AIM OF THE EXERCISE -
Locate the line that contains "(3, -13.164176285), align=None)". Print it and every subsequent line through the final line of the records, exactly and only those.

====================

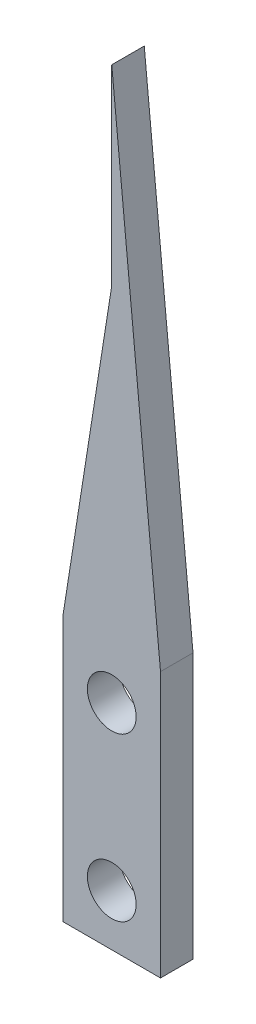
from build123d import *

# Parameters (mm, degrees)
SKETCH_1_R      = 1.5
EXTRUDE_1_DEPTH = 2


with BuildPart() as part:
    # 草图1 → 凸台-拉伸1 (new body)
    with BuildSketch(Plane.XY):
        Polygon((3, 3.164176285), (0, 34), (0, 22.228513357), (-3, 3.164176285), (-3, -13.164176285), (3, -13.164176285), align=None)
        Circle(SKETCH_1_R, mode=Mode.SUBTRACT)
        with Locations((0, -10)):
            Circle(SKETCH_1_R, mode=Mode.SUBTRACT)
    extrude(amount=EXTRUDE_1_DEPTH)


solid = part.part

====================

ANSWER SECTION -
        Polygon((3, 3.164176285), (0, 34), (0, 22.228513357), (-3, 3.164176285), (-3, -13.164176285), (3, -13.164176285), align=None)
        Circle(SKETCH_1_R, mode=Mode.SUBTRACT)
        with Locations((0, -10)):
            Circle(SKETCH_1_R, mode=Mode.SUBTRACT)
    extrude(amount=EXTRUDE_1_DEPTH)


solid = part.part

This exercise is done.